### Exercise description
Restate word for word the lines of the material below, from the line with "doc.layers.add('wheels', color=2, linetype='Continuous')" to the line with "layer by layer", both lines included, and no others.

-- Opening Marker --

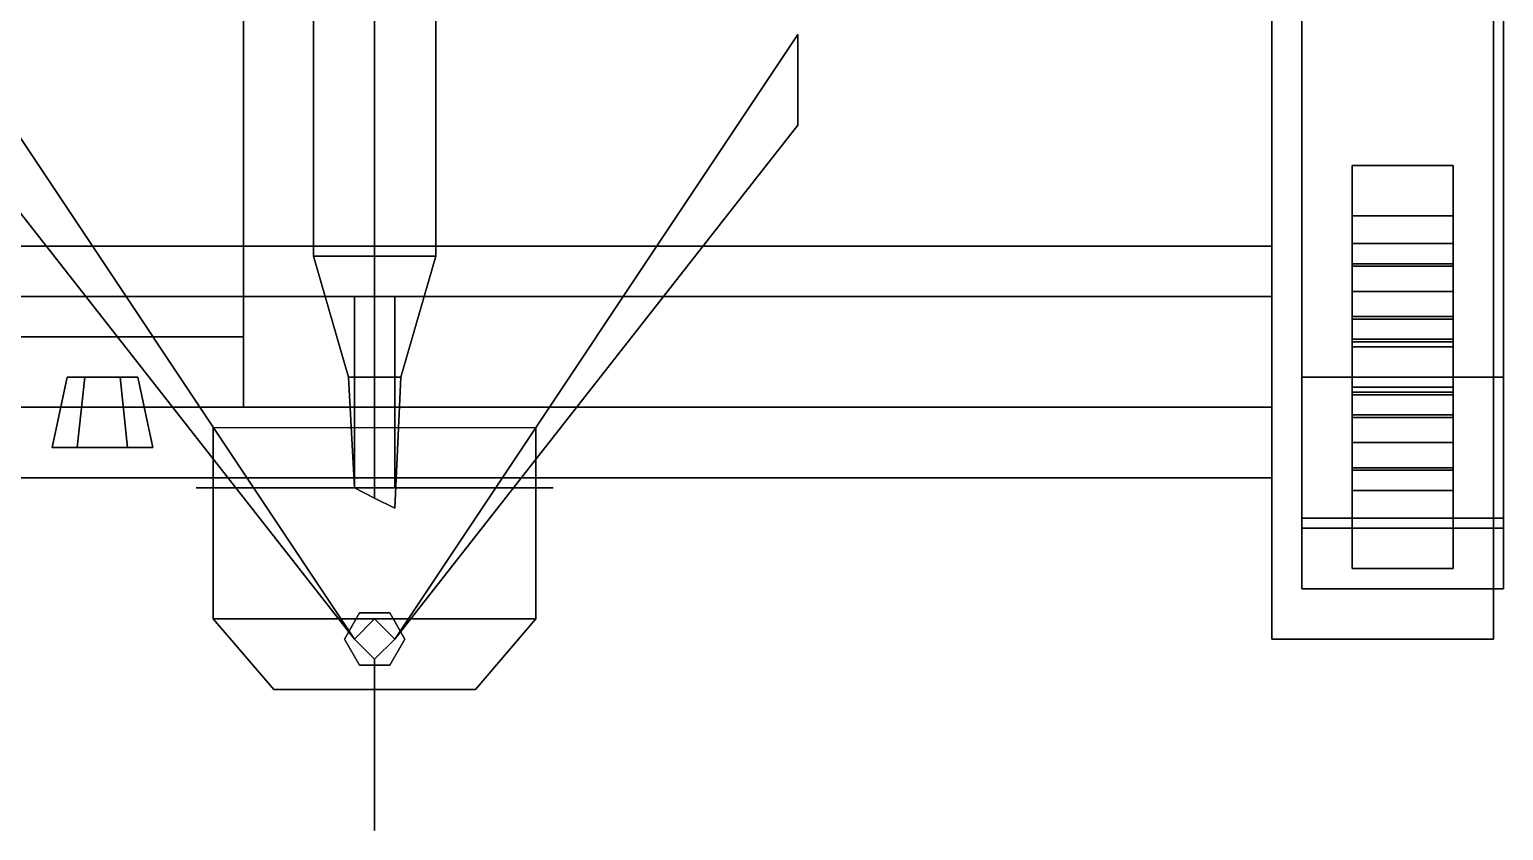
# Model space of a CAD drawing. Header units: millimetres. Extents: x -1.1 to 3, y -1.8 to 8.2.
# Drawn here: x -0.342 to 1.12, y -1.84 to -1.045 of the extents above; entities that cross this region are included whole.
import ezdxf

# ---------------------------------------------------------------- set-up
doc = ezdxf.new("R2010")
doc.units = ezdxf.units.MM
doc.layers.add('tracks', color=3, linetype='Continuous')
doc.layers.add('wheels', color=2, linetype='Continuous')

msp = doc.modelspace()

# ---------------------------------------------------------------- linework, layer by layer
for points in [[(0.89, -1.65, 0.88), (0.89, 1.89, 1), (1.11, 1.89, 1), (1.11, -1.65, 0.88)], [(1.11, -1.65, 0.9), (1.11, 1.89, 1.02), (0.89, 1.89, 1.02), (0.89, -1.65, 0.9)], [(1.11, -1.65, 0.88), (1.11, 1.89, 1), (1.11, 1.89, 1.02), (1.11, -1.65, 0.9)], [(0.89, -1.49, 0.97), (0.89, -1, 0.32), (0.89, 1.05, 0.32), (0.89, 0.97, 0.97)], [(0.89, -0.6, 1.04), (0.89, -1.42, 0.97), (0.89, 0.68, 0.97), (0.89, 0.66, 1.04)], [(-0.13, -1.35, 1.2), (-0.13, -1.42, 0.97), (-0.13, -0.6, 1.04), (-0.13, -0.76, 1.2)], [(-0.13, -0.6, 1.04), (-0.13, -1.42, 0.97), (0.89, -1.42, 0.97), (0.89, -0.6, 1.04)], [(0, -1.27, 1.05), (-0.0606, -1.27, 1.085), (-0.0606, -0.72, 1.085), (0, -0.72, 1.05)], [(-0.0606, -1.27, 1.085), (-0.0606, -1.27, 1.155), (-0.0606, -0.72, 1.155), (-0.0606, -0.72, 1.085)], [(-0.0606, -1.27, 1.155), (0, -1.27, 1.19), (0, -0.72, 1.19), (-0.0606, -0.72, 1.155)], [(0, -1.27, 1.19), (0.0606, -1.27, 1.155), (0.0606, -0.72, 1.155), (0, -0.72, 1.19)], [(0.0606, -1.27, 1.085), (0, -1.27, 1.05), (0, -0.72, 1.05), (0.0606, -0.72, 1.085)], [(0.0606, -1.27, 1.155), (0.0606, -1.27, 1.085), (0.0606, -0.72, 1.085), (0.0606, -0.72, 1.155)], [(-0.81, -0.76, 1.2), (-0.81, -1.35, 1.2), (-0.13, -1.35, 1.2), (-0.13, -0.76, 1.2)], [(0.89, -1, 0.32), (0.89, -1.26, 0.46), (-0.89, -1.26, 0.46), (-0.89, -1, 0.32)], [(0.89, -1.31, 0.53), (0.89, -1.26, 0.46), (0.89, -1, 0.32), (0.89, -1.49, 0.97)], [(-0.02, -1.65, 0.41), (-0.42, -1.05, 0.35), (-0.42, -1.14, 0.42), (-0.02, -1.65, 0.47)], [(-0.02, -1.65, 0.47), (-0.42, -1.14, 0.42), (-0.42, -1.05, 0.35), (-0.02, -1.65, 0.41)], [(0.02, -1.65, 0.47), (0.42, -1.14, 0.42), (0.42, -1.05, 0.35), (0.02, -1.65, 0.41)], [(0.02, -1.65, 0.41), (0.42, -1.05, 0.35), (0.42, -1.14, 0.42), (0.02, -1.65, 0.47)], [(-0.89, -1.31, 0.53), (-0.89, -1.26, 0.46), (0.89, -1.26, 0.46), (0.89, -1.31, 0.53)], [(0, -1.27, 1.19), (-0.0606, -1.27, 1.155), (-0.026, -1.39, 1.135), (0, -1.39, 1.15)], [(-0.0606, -1.27, 1.155), (-0.0606, -1.27, 1.085), (-0.026, -1.39, 1.105), (-0.026, -1.39, 1.135)], [(-0.0606, -1.27, 1.085), (0, -1.27, 1.05), (0, -1.39, 1.09), (-0.026, -1.39, 1.105)], [(0.06, -1.27, 0.97), (-0.06, -1.27, 0.97), (-0.06, -1.27, 1.09), (0.06, -1.27, 1.09)], [(0.06, -1.27, 1.09), (-0.06, -1.27, 1.09), (-0.06, -1.27, 0.97), (0.06, -1.27, 0.97)], [(0, -1.27, 1.05), (0.0606, -1.27, 1.085), (0.026, -1.39, 1.105), (0, -1.39, 1.09)], [(0.0606, -1.27, 1.155), (0, -1.27, 1.19), (0, -1.39, 1.15), (0.026, -1.39, 1.135)], [(0.0606, -1.27, 1.085), (0.0606, -1.27, 1.155), (0.026, -1.39, 1.135), (0.026, -1.39, 1.105)], [(-0.89, -1.49, 0.97), (-0.89, -1.31, 0.53), (0.89, -1.31, 0.53), (0.89, -1.49, 0.97)], [(-0.02, -1.5, 0.57), (0, -1.5, 0.59), (0, -1.31, 0.59), (-0.02, -1.31, 0.57)], [(0, -1.5, 0.55), (-0.02, -1.5, 0.57), (-0.02, -1.31, 0.57), (0, -1.31, 0.55)], [(0, -1.5, 0.59), (0.02, -1.5, 0.57), (0.02, -1.31, 0.57), (0, -1.31, 0.59)], [(0.02, -1.5, 0.57), (0, -1.5, 0.55), (0, -1.31, 0.55), (0.02, -1.31, 0.57)], [(-0.81, -1.35, 1.2), (-0.81, -1.42, 0.97), (-0.13, -1.42, 0.97), (-0.13, -1.35, 1.2)], [(-0.32, -1.46, 1.13), (-0.295, -1.46, 1.1733), (-0.2875, -1.39, 1.1603), (-0.305, -1.39, 1.13)], [(-0.295, -1.46, 1.0867), (-0.32, -1.46, 1.13), (-0.305, -1.39, 1.13), (-0.2875, -1.39, 1.0997)], [(-0.2875, -1.39, 1.1603), (-0.2525, -1.39, 1.1603), (-0.235, -1.39, 1.13), (-0.305, -1.39, 1.13)], [(-0.305, -1.39, 1.13), (-0.235, -1.39, 1.13), (-0.2525, -1.39, 1.0997), (-0.2875, -1.39, 1.0997)], [(-0.295, -1.46, 1.1733), (-0.245, -1.46, 1.1733), (-0.2525, -1.39, 1.1603), (-0.2875, -1.39, 1.1603)], [(-0.245, -1.46, 1.0867), (-0.295, -1.46, 1.0867), (-0.2875, -1.39, 1.0997), (-0.2525, -1.39, 1.0997)], [(-0.245, -1.46, 1.1733), (-0.22, -1.46, 1.13), (-0.235, -1.39, 1.13), (-0.2525, -1.39, 1.1603)], [(-0.22, -1.46, 1.13), (-0.245, -1.46, 1.0867), (-0.2525, -1.39, 1.0997), (-0.235, -1.39, 1.13)], [(0, -1.51, 1.09), (-0.02, -1.5, 1.105), (-0.026, -1.39, 1.105), (0, -1.39, 1.09)], [(-0.02, -1.5, 1.105), (-0.02, -1.5, 1.135), (-0.026, -1.39, 1.135), (-0.026, -1.39, 1.105)], [(-0.02, -1.5, 1.135), (0, -1.51, 1.15), (0, -1.39, 1.15), (-0.026, -1.39, 1.135)], [(0, -1.51, 1.15), (0.02, -1.52, 1.135), (0.026, -1.39, 1.135), (0, -1.39, 1.15)], [(0.02, -1.52, 1.105), (0, -1.51, 1.09), (0, -1.39, 1.09), (0.026, -1.39, 1.105)], [(0.02, -1.52, 1.135), (0.02, -1.52, 1.105), (0.026, -1.39, 1.105), (0.026, -1.39, 1.135)], [(-0.89, -1.42, 0.97), (-0.89, -1.49, 0.97), (0.89, -1.49, 0.97), (0.89, -1.42, 0.97)], [(-0.16, -1.49, 0.97), (-0.16, -1.44, 0.85), (-0.16, -1.63, 0.85), (-0.16, -1.63, 0.97)], [(-0.16, -1.63, 0.85), (-0.16, -1.44, 0.85), (0.16, -1.44, 0.85), (0.16, -1.63, 0.85)], [(0.16, -1.63, 0.85), (0.16, -1.44, 0.85), (0.16, -1.49, 0.97), (0.16, -1.63, 0.97)], [(-0.32, -1.46, 1.13), (-0.22, -1.46, 1.13), (-0.245, -1.46, 1.1733), (-0.295, -1.46, 1.1733)], [(-0.295, -1.46, 1.0867), (-0.245, -1.46, 1.0867), (-0.22, -1.46, 1.13), (-0.32, -1.46, 1.13)], [(0.89, -1.4639, 0.9063), (0.89, -1.4559, 0.8866), (0.89, -1.65, 0.88), (0.89, -1.65, 0.9)], [(0.16, -1.63, 0.97), (0.16, -1.49, 0.97), (-0.16, -1.49, 0.97), (-0.16, -1.63, 0.97)], [(-0.177, -1.5, 0.4967), (-0.152, -1.5, 0.4533), (-0.0271, -1.5, 0.537), (-0.0421, -1.5, 0.563)], [(-0.0421, -1.5, 0.563), (-0.0271, -1.5, 0.537), (-0.152, -1.5, 0.4533), (-0.177, -1.5, 0.4967)], [(-0.1711, -1.5, 0.5463), (-0.177, -1.5, 0.4967), (-0.0421, -1.5, 0.563), (-0.1191, -1.5, 0.5763)], [(-0.1191, -1.5, 0.5763), (-0.0421, -1.5, 0.563), (-0.177, -1.5, 0.4967), (-0.1711, -1.5, 0.5463)], [(-0.1061, -1.5, 0.4337), (-0.152, -1.5, 0.4533), (-0.0271, -1.5, 0.537), (-0.0541, -1.5, 0.4637)], [(-0.0541, -1.5, 0.4637), (-0.0271, -1.5, 0.537), (-0.152, -1.5, 0.4533), (-0.1061, -1.5, 0.4337)], [(-0.065, -1.5, 0.73), (-0.025, -1.5, 0.76), (-0.015, -1.5, 0.61), (-0.065, -1.5, 0.67)], [(-0.065, -1.5, 0.67), (-0.015, -1.5, 0.61), (-0.025, -1.5, 0.76), (-0.065, -1.5, 0.73)], [(-0.0075, -1.5, 0.583), (0.0075, -1.5, 0.557), (-0.0271, -1.5, 0.537), (-0.0421, -1.5, 0.563)], [(-0.0421, -1.5, 0.563), (-0.0271, -1.5, 0.537), (0.0075, -1.5, 0.557), (-0.0075, -1.5, 0.583)], [(0.015, -1.5, 0.61), (-0.015, -1.5, 0.61), (-0.025, -1.5, 0.76), (0.025, -1.5, 0.76)], [(0.025, -1.5, 0.76), (-0.025, -1.5, 0.76), (-0.015, -1.5, 0.61), (0.015, -1.5, 0.61)], [(0.015, -1.5, 0.61), (-0.015, -1.5, 0.61), (-0.015, -1.5, 0.57), (0.015, -1.5, 0.57)], [(0.015, -1.5, 0.57), (-0.015, -1.5, 0.57), (-0.015, -1.5, 0.61), (0.015, -1.5, 0.61)], [(-0.0075, -1.5, 0.557), (0.0075, -1.5, 0.583), (0.0421, -1.5, 0.563), (0.0271, -1.5, 0.537)], [(0.0271, -1.5, 0.537), (0.0421, -1.5, 0.563), (0.0075, -1.5, 0.583), (-0.0075, -1.5, 0.557)], [(0.065, -1.5, 0.67), (0.015, -1.5, 0.61), (0.025, -1.5, 0.76), (0.065, -1.5, 0.73)], [(0.065, -1.5, 0.73), (0.025, -1.5, 0.76), (0.015, -1.5, 0.61), (0.065, -1.5, 0.67)], [(0.152, -1.5, 0.4533), (0.177, -1.5, 0.4967), (0.0421, -1.5, 0.563), (0.0271, -1.5, 0.537)], [(0.0271, -1.5, 0.537), (0.0421, -1.5, 0.563), (0.177, -1.5, 0.4967), (0.152, -1.5, 0.4533)], [(0.1061, -1.5, 0.4337), (0.152, -1.5, 0.4533), (0.0271, -1.5, 0.537), (0.0541, -1.5, 0.4637)], [(0.0541, -1.5, 0.4637), (0.0271, -1.5, 0.537), (0.152, -1.5, 0.4533), (0.1061, -1.5, 0.4337)], [(0.1711, -1.5, 0.5463), (0.177, -1.5, 0.4967), (0.0421, -1.5, 0.563), (0.1191, -1.5, 0.5763)], [(0.1191, -1.5, 0.5763), (0.0421, -1.5, 0.563), (0.177, -1.5, 0.4967), (0.1711, -1.5, 0.5463)], [(-0.16, -1.63, 0.97), (-0.16, -1.63, 0.85), (-0.1, -1.7, 0.85), (-0.1, -1.7, 0.97)], [(0.1, -1.7, 0.97), (0.16, -1.63, 0.97), (-0.16, -1.63, 0.97), (-0.1, -1.7, 0.97)], [(-0.1, -1.7, 0.85), (-0.16, -1.63, 0.85), (0.16, -1.63, 0.85), (0.1, -1.7, 0.85)], [(-0.015, -1.624, 0.8), (-0.03, -1.65, 0.8), (-0.03, -1.65, 0.85), (-0.015, -1.624, 0.85)], [(0, -1.63, 0.41), (-0.02, -1.65, 0.41), (-0.02, -1.65, 0.8), (0, -1.63, 0.8)], [(0.015, -1.624, 0.8), (-0.015, -1.624, 0.8), (-0.015, -1.624, 0.85), (0.015, -1.624, 0.85)], [(0.02, -1.65, 0.41), (0, -1.63, 0.41), (0, -1.63, 0.8), (0.02, -1.65, 0.8)], [(0.03, -1.65, 0.8), (0.015, -1.624, 0.8), (0.015, -1.624, 0.85), (0.03, -1.65, 0.85)], [(0.1, -1.7, 0.85), (0.16, -1.63, 0.85), (0.16, -1.63, 0.97), (0.1, -1.7, 0.97)], [(-0.03, -1.65, 0.8), (-0.015, -1.676, 0.8), (-0.015, -1.676, 0.85), (-0.03, -1.65, 0.85)], [(-0.02, -1.65, 0.41), (0, -1.67, 0.41), (0, -1.67, 0.8), (-0.02, -1.65, 0.8)], [(0, -1.67, 0.41), (0.02, -1.65, 0.41), (0.02, -1.65, 0.8), (0, -1.67, 0.8)], [(0.015, -1.676, 0.8), (0.03, -1.65, 0.8), (0.03, -1.65, 0.85), (0.015, -1.676, 0.85)], [(0.89, -1.65, 0.9), (0.89, -1.65, 0.88), (1.11, -1.65, 0.88), (1.11, -1.65, 0.9)], [(-0.015, -1.676, 0.8), (0.015, -1.676, 0.8), (0.015, -1.676, 0.85), (-0.015, -1.676, 0.85)], [(0, -1.72, 0.53), (0, -1.67, 0.53), (0, -1.67, 0.77), (0, -1.71, 0.8)], [(0, -1.71, 0.8), (0, -1.67, 0.77), (0, -1.67, 0.53), (0, -1.72, 0.53)], [(-0.1, -1.7, 0.97), (-0.1, -1.7, 0.85), (0.1, -1.7, 0.85), (0.1, -1.7, 0.97)], [(0, -1.84, 0.61), (0, -1.72, 0.53), (0, -1.71, 0.8), (0, -1.82, 0.8)], [(0, -1.82, 0.8), (0, -1.71, 0.8), (0, -1.72, 0.53), (0, -1.84, 0.61)], [(0, -1.84, 0.77), (0, -1.82, 0.8), (0, -1.84, 0.61)], [(0, -1.84, 0.61), (0, -1.84, 0.61), (0, -1.82, 0.8), (0, -1.84, 0.77)]]:
    msp.add_3dface(points)
at = {"layer": 'tracks'}
for points in [[(1.12, -1.54, 0.34), (1.12, -0.92, 0.01), (0.92, -0.92, 0.01), (0.92, -1.54, 0.34)], [(0.92, -1.54, 0.34), (0.92, -0.92, 0.01), (1.12, -0.92, 0.01), (1.12, -1.54, 0.34)], [(1.12, -0.97, 0.72), (1.12, -1.39, 0.72), (0.92, -1.39, 0.72), (0.92, -0.97, 0.72)], [(0.92, -0.97, 0.72), (0.92, -1.39, 0.72), (1.12, -1.39, 0.72), (1.12, -0.97, 0.72)], [(1.12, -1.39, 0.72), (1.12, -1.53, 0.67), (0.92, -1.53, 0.67), (0.92, -1.39, 0.72)], [(0.92, -1.39, 0.72), (0.92, -1.53, 0.67), (1.12, -1.53, 0.67), (1.12, -1.39, 0.72)], [(0.92, -1.53, 0.67), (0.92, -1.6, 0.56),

-- Closing Marker --

### Exercise solution
doc.layers.add('wheels', color=2, linetype='Continuous')

msp = doc.modelspace()

# ---------------------------------------------------------------- linework, layer by layer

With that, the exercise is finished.